И здесь возникает мысль, которая может оказаться полезной при рассмотрении знаменитого спора относительно древней и современной культуры, в котором одна сторона прощает всякую кажущуюся нелепость у древних ссылкой на нравы того века, а другая не допускает этого или, самое большее, извиняет автора, но не само произведение. На мой взгляд, спорящие стороны редко умели определить точные рамки этого спора. Изображение всяких невинных особенностей нравов подобно вышеупомянутым, разумеется, следует допускать, и человек, которого они шокируют, явно обнаруживает ложную изысканность и утонченность. Памятник поэту, который прочнее меди114, должен был бы рассыпаться, подобно простому кирпичу или глине, если бы люди не учитывали постоянных изменений, происходящих в нравах и обычаях, и не допускали ничего, кроме того, что соответствует господствующей в настоящее время моде. Следует ли нам выбросить портреты наших предков из-за того, что они изображены на них в рюшах и кринолинах? Но если представления о морали и приличиях при переходе от одного века к другому изменились и порочные нравы описываются без надлежащего порицания, то это следует признать искажающим данное поэтическое произведение и делающим его подлинно безобразным. Я не могу и не должен проникаться подобными чувствами. Я способен извинить поэта, принимая во внимание обычаи его века, но наслаждаться его произведением никоим образом не в состоянии. Недостаток человеколюбия и благопристойности, столь разительный в персонажах, созданных некоторыми древними поэтами, не исключая и 1омера, а также авторов греческих трагедий, значительно снижает достоинства их знаменитых творений и заставляет отдавать предпочтение произведениям современных авторов. Нас не интересуют судьбы и чувства столь грубых героев, нам не нравится отсутствие границ между пороком и добродетелью в запутанном клубке того и другого. И какое бы снисхождение мы ни оказывали предрассудкам автора, мы не можем заставить себя проникнуться его чувствами или испытывать привязанность к персонажам, которых мы явно считаем отрицательными.
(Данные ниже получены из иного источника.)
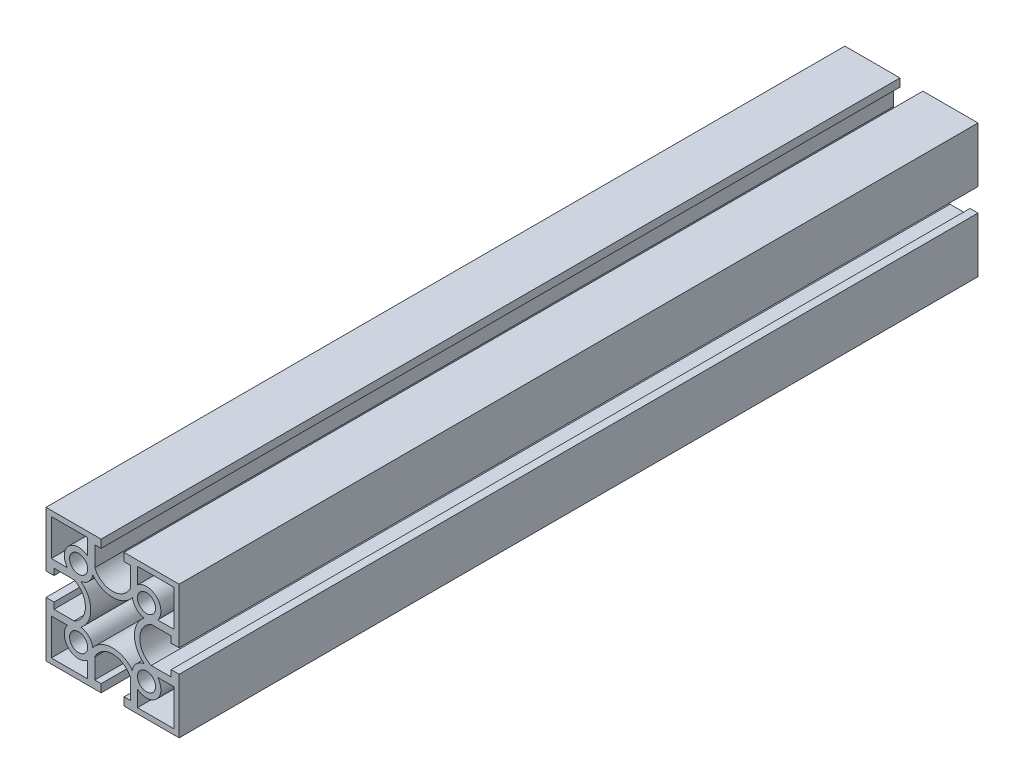
from build123d import *

# Parameters (mm, degrees)
SKETCH_1_R         = 3.4
EXTRUDE_1268_DEPTH = 150


with BuildPart() as part:
    # 草圖1 → Extrude 1268 (new, symmetric)
    with BuildSketch(Plane.XY):
        with BuildLine():
            Line((4.3, 25), (25, 25))
            Line((25, 25), (25, 4.3))
            Line((25, 4.3), (22, 4.3))
            Line((22, 4.3), (22, 6.687301399))
            Line((22, 6.687301399), (14.5, 6.687301399))
            ThreePointArc((14.5, 6.687301399), (10.2, 0), (14.5, -6.687301399))
            Line((14.5, -6.687301399), (22, -6.687301399))
            Line((22, -6.687301399), (22, -4.3))
            Line((22, -4.3), (25, -4.3))
            Line((25, -4.3), (25, -25))
            Line((25, -25), (4.3, -25))
            Line((4.3, -25), (4.3, -22))
            Line((4.3, -22), (6.687301399, -22))
            Line((6.687301399, -22), (6.687301399, -14.5))
            ThreePointArc((6.687301399, -14.5), (0, -10.2), (-6.687301399, -14.5))
            Line((-6.687301399, -14.5), (-6.687301399, -22))
            Line((-6.687301399, -22), (-4.3, -22))
            Line((-4.3, -22), (-4.3, -25))
            Line((-4.3, -25), (-25, -25))
            Line((-25, -25), (-25, -4.3))
            Line((-25, -4.3), (-22, -4.3))
            Line((-22, -4.3), (-22, -6.687301399))
            Line((-22, -6.687301399), (-14.5, -6.687301399))
            ThreePointArc((-14.5, -6.687301399), (-10.2, 0), (-14.5, 6.687301399))
            Line((-14.5, 6.687301399), (-22, 6.687301399))
            Line((-22, 6.687301399), (-22, 4.3))
            Line((-22, 4.3), (-25, 4.3))
            Line((-25, 4.3), (-25, 25))
            Line((-25, 25), (-4.3, 25))
            Line((-4.3, 25), (-4.3, 22))
            Line((-4.3, 22), (-6.687301399, 22))
            Line((-6.687301399, 22), (-6.687301399, 14.5))
            ThreePointArc((-6.687301399, 14.5), (0, 10.2), (6.687301399, 14.5))
            Line((6.687301399, 14.5), (6.687301399, 22))
            Line((6.687301399, 22), (4.3, 22))
            Line((4.3, 22), (4.3, 25))
        make_face()
        with Locations((12.75, 12.75)):
            Circle(SKETCH_1_R, mode=Mode.SUBTRACT)
        with Locations((12.75, -12.75)):
            Circle(SKETCH_1_R, mode=Mode.SUBTRACT)
        with Locations((-12.75, -12.75)):
            Circle(SKETCH_1_R, mode=Mode.SUBTRACT)
        with Locations((-12.75, 12.75)):
            Circle(SKETCH_1_R, mode=Mode.SUBTRACT)
        with BuildLine():
            Line((9.35, 23), (23, 23))
            Line((23, 23), (23, 9.35))
            Line((23, 9.35), (16.945235393, 9.35))
            ThreePointArc((16.945235393, 9.35), (16.568376618, 16.568376618), (9.35, 16.945235393))
            Line((9.35, 16.945235393), (9.35, 23))
        make_face(mode=Mode.SUBTRACT)
        with BuildLine():
            Line((9.35, -23), (9.35, -16.945235393))
            ThreePointArc((9.35, -16.945235393), (16.568376618, -16.568376618), (16.945235393, -9.35))
            Line((16.945235393, -9.35), (23, -9.35))
            Line((23, -9.35), (23, -23))
            Line((23, -23), (9.35, -23))
        make_face(mode=Mode.SUBTRACT)
        with BuildLine():
            Line((-9.35, -23), (-23, -23))
            Line((-23, -23), (-23, -9.35))
            Line((-23, -9.35), (-16.945235393, -9.35))
            ThreePointArc((-16.945235393, -9.35), (-16.568376618, -16.568376618), (-9.35, -16.945235393))
            Line((-9.35, -16.945235393), (-9.35, -23))
        make_face(mode=Mode.SUBTRACT)
        with BuildLine():
            Line((-9.35, 23), (-9.35, 16.945235393))
            ThreePointArc((-9.35, 16.945235393), (-16.568376618, 16.568376618), (-16.945235393, 9.35))
            Line((-16.945235393, 9.35), (-23, 9.35))
            Line((-23, 9.35), (-23, 23))
            Line((-23, 23), (-9.35, 23))
        make_face(mode=Mode.SUBTRACT)
        with BuildLine():
            ThreePointArc((11.864845961, 7.423040048), (8.2, 0), (11.864845961, -7.423040048))
            ThreePointArc((11.864845961, -7.423040048), (8.931623382, -8.931623382), (7.423040048, -11.864845961))
            ThreePointArc((7.423040048, -11.864845961), (0, -8.2), (-7.423040048, -11.864845961))
            ThreePointArc((-7.423040048, -11.864845961), (-8.931623382, -8.931623382), (-11.864845961, -7.423040048))
            ThreePointArc((-11.864845961, -7.423040048), (-8.2, 0), (-11.864845961, 7.423040048))
            ThreePointArc((-11.864845961, 7.423040048), (-8.931623382, 8.931623382), (-7.423040048, 11.864845961))
            ThreePointArc((-7.423040048, 11.864845961), (0, 8.2), (7.423040048, 11.864845961))
            ThreePointArc((7.423040048, 11.864845961), (8.931623382, 8.931623382), (11.864845961, 7.423040048))
        make_face(mode=Mode.SUBTRACT)
    extrude(amount=EXTRUDE_1268_DEPTH, both=True)


solid = part.part

С моральными принципами дело обстоит иначе, чем со всякого рода умозрительными взглядами. Они находятся в постоянном движении и изменении. Сын избирает иную систему, нежели отец. Более того, едва ли найдется человек, который мог бы похвастаться большим постоянством и устойчивостью в данном отношении. Какие бы умозрительные ошибки ни обнаруживались в области изящной словесности любого века или любой страны, они лишь в незначительной мере снижают ценность таких произведений. Нужна только определенная установка мысли и воображения, чтобы заставить нас вникнуть во все господствовавшие в то время взгляды и наслаждаться чувствами или выводами, вытекающими из этих взглядов. Но требуется огромное усилие, чтобы изменить наше суждение о нравах и вызвать чувства одобрения или порицания, любви или ненависти, отличающиеся от чувств, к которым за долгое время привык наш дух. В случае когда человек уверен в высокой нравственности той нормы морали, исходя из которой он выносит свое суждение, он по праву ревностно относится к ней и не станет на время менять свои идущие от сердца чувства в угоду какому бы то ни было писателю.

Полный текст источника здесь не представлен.